■ PROVIDED DATA:
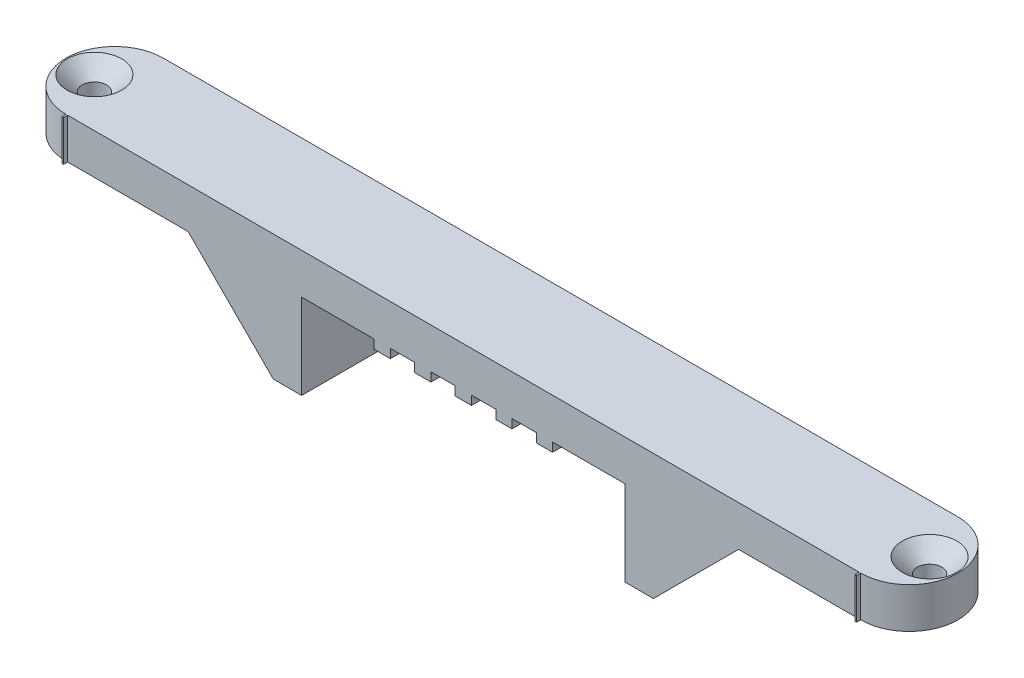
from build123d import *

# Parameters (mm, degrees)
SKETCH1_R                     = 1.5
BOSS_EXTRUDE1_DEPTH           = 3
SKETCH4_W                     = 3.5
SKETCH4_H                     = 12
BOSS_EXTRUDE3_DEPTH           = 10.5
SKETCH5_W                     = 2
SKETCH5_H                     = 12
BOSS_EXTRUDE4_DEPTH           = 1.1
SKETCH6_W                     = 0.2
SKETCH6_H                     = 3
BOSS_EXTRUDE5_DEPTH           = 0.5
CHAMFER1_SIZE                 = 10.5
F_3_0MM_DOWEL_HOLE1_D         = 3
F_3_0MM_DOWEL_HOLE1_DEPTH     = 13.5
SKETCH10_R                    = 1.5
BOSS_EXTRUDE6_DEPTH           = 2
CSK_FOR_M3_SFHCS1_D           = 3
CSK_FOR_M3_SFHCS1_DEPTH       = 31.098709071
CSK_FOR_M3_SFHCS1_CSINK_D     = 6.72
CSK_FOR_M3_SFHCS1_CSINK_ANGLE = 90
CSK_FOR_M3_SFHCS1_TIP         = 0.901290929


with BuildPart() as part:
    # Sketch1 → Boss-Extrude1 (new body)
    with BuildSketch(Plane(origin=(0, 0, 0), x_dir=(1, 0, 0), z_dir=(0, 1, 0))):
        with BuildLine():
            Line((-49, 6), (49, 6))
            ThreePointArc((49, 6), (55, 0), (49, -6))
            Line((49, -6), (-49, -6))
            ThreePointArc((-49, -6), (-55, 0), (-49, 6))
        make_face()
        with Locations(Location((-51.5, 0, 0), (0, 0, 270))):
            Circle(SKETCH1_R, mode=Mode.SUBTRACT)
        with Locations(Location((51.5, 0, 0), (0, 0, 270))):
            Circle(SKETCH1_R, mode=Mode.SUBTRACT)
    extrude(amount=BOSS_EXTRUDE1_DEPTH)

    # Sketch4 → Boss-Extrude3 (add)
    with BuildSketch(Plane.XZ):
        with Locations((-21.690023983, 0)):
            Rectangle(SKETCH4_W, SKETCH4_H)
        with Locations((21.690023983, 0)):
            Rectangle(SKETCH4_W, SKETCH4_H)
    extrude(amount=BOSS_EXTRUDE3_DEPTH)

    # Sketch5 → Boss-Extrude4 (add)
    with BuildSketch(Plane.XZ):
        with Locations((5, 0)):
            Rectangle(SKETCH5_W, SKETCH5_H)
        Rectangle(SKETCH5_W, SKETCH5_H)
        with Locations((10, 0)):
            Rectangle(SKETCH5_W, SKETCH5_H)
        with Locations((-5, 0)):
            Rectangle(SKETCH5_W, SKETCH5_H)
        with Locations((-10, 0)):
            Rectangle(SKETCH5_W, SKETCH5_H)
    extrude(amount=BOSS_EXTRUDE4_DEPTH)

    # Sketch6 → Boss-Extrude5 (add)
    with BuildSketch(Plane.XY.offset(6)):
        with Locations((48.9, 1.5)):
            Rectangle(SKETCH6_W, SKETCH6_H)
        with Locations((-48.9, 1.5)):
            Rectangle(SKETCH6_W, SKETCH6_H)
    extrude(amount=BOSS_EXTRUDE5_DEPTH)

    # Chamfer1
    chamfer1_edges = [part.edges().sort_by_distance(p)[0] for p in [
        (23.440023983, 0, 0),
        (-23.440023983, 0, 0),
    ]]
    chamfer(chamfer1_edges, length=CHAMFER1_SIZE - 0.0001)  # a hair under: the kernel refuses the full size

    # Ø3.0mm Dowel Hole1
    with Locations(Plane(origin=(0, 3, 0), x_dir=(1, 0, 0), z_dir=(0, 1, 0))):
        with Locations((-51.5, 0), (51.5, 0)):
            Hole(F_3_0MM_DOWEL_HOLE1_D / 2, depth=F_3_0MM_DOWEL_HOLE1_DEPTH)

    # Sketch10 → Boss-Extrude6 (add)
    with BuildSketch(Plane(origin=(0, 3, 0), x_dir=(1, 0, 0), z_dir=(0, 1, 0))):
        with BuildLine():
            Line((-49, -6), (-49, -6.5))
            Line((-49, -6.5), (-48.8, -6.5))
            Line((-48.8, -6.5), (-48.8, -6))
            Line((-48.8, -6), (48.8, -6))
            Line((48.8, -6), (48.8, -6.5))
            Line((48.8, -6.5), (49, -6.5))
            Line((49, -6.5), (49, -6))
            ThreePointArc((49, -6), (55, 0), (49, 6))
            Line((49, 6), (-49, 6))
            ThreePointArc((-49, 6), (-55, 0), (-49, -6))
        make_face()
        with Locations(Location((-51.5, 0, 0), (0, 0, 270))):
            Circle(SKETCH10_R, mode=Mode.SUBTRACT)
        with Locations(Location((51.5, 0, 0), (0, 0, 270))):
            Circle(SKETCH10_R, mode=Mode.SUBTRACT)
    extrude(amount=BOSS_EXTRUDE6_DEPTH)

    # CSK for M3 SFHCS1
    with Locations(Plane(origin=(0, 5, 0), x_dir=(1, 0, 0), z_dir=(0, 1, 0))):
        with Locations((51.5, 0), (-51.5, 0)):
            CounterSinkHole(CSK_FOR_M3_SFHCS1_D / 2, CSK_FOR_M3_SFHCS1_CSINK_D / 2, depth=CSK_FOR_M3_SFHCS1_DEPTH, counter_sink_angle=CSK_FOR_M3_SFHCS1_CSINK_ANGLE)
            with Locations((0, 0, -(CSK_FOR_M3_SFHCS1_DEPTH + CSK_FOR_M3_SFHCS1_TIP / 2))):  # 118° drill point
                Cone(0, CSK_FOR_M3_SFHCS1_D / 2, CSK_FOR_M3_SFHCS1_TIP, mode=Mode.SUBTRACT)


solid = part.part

■ YOUR TASK:
For the string "part", return every line of the data where it appears.

■ ANSWER FOR THIS EXERCISE:
with BuildPart() as part:
    chamfer1_edges = [part.edges().sort_by_distance(p)[0] for p in [
solid = part.part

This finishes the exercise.